CONSTRAINTS ON LU-HF AND NB-TA SYSTEMATICS IN GLOBALLY SUBDUCTED OCEANIC CRUST FROM A SURVEY OF OROGENIC ECLOGITES AND AMPHIBOLITES

In the past 20 years, the Lu-Hf system has been widely applied to orogenic eclogites and amphibolites (OEAs) to reveal their metamorphic histories in relation to the tectonic evolution of plate boundaries. Because many of these OEAs are fragments of oceanic crust that have undergone subduction-related changes before being exhumed to the surface (instead of continuing their journey into the deeper parts of the mantle), they also have the potential to provide insights into the geochemistry of the significant quantity of oceanic crust that has been subducted over Earth’s history. This talk explains how Lu-Hf geochronologic data from mountain belts can also be used to understand the role of subducted oceanic crust in a variety of terrestrial geochemical mass-balances, with a focus on the problem of Earth’s ‘missing’ Nb.
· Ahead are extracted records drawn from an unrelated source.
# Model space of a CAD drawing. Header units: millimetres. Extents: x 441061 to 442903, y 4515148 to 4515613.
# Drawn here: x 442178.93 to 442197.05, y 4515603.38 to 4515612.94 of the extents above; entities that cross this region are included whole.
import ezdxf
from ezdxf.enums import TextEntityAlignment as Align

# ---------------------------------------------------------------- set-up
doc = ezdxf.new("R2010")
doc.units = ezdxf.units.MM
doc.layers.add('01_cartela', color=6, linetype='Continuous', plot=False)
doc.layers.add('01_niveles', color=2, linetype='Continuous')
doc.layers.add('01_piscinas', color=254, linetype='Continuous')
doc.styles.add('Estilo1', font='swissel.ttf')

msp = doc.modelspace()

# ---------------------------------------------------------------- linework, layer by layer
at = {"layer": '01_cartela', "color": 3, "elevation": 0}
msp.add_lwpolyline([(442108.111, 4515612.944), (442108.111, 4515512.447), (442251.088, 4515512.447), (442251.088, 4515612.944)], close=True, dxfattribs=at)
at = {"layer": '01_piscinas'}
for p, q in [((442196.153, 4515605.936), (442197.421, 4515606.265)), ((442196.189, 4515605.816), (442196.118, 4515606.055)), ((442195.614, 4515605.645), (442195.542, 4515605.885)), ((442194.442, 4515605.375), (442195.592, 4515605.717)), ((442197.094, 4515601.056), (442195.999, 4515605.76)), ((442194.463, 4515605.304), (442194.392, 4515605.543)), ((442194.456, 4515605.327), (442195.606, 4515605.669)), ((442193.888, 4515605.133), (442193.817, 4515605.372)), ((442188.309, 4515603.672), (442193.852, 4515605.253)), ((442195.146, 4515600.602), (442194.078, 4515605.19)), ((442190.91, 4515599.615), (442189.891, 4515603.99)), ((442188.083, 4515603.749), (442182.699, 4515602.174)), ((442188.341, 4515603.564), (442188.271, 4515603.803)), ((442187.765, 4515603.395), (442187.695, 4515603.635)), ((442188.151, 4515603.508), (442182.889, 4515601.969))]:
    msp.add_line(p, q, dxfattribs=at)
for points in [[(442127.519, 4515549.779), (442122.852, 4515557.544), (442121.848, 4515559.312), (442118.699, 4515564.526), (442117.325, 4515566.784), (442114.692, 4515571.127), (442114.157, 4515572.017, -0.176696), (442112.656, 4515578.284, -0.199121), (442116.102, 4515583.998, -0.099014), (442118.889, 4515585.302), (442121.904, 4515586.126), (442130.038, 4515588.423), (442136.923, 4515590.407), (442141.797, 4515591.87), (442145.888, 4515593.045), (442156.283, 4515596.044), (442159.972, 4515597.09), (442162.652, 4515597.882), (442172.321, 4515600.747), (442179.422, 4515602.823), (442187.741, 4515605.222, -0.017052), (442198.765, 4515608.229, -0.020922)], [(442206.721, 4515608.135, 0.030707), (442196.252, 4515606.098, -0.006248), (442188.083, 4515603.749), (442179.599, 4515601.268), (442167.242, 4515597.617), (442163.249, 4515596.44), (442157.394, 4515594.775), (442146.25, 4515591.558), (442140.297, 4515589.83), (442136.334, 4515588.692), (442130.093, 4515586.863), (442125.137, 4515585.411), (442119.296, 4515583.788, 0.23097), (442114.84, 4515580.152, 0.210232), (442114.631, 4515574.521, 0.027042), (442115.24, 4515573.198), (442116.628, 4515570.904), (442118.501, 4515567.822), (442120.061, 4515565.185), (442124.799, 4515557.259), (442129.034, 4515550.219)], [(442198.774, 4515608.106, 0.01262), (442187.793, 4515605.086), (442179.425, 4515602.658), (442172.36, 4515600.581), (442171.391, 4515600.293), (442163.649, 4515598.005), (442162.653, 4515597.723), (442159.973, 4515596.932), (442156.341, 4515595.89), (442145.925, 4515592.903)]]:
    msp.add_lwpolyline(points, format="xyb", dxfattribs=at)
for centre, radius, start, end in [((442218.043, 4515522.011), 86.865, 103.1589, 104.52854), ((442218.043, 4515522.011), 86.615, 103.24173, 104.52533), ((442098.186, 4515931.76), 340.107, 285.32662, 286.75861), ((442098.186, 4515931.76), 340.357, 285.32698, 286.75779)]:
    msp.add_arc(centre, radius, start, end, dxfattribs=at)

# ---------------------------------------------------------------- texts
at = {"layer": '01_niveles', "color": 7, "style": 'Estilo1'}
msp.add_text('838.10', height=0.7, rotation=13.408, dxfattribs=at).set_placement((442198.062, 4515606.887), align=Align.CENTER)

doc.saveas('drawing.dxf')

This is achieved by evaluating all available Lu-Hf garnet isochron ages and initial ε_Hf values in conjunction with present-day bulk-rock Lu-Hf isotope and trace element (K, Nb, Ta, Zr, and Ti in addition to Lu-Hf) data from the world’s OEAs. Approximately half of OEAs exhibit Lu-Hf and Nb-Ta systematics mimicking those of unsubducted oceanic crust whereas the rest exhibit variability in one or both systems. For the Lu-Hf system, mixing calculations demonstrate that subduction-related phase transformations, in conjunction with open system behavior, can shift subducted oceanic crust towards higher Lu/Hf, or towards lower Lu/Hf that can also be associated with unradiogenic ε_Hf values. However, evaluation of potential mechanisms for fractionating Nb from Ta is more complicated because many of the OEA’s have Nb-Ta systematics that are decoupled from Lu-Hf and the behavior of K, Zr, and Ti. Nonetheless, the global dataset demonstrates that the association between unradiogenic ε_Hf and elevated Nb/Ta observed in some kimberlitic eclogite xenoliths can be inherited from processes that occurred during subduction of their oceanic crustal protoliths. This allows for a geologically based estimate of the Nb concentration in a reservoir composed of deeply subducted oceanic crust. However, mass balance calculations confirm that such a reservoir, when considered as a whole, likely has a Nb concentration similar to un-subducted oceanic crust and is therefore not the solution to the problem of the Earth’s ‘missing’ Nb.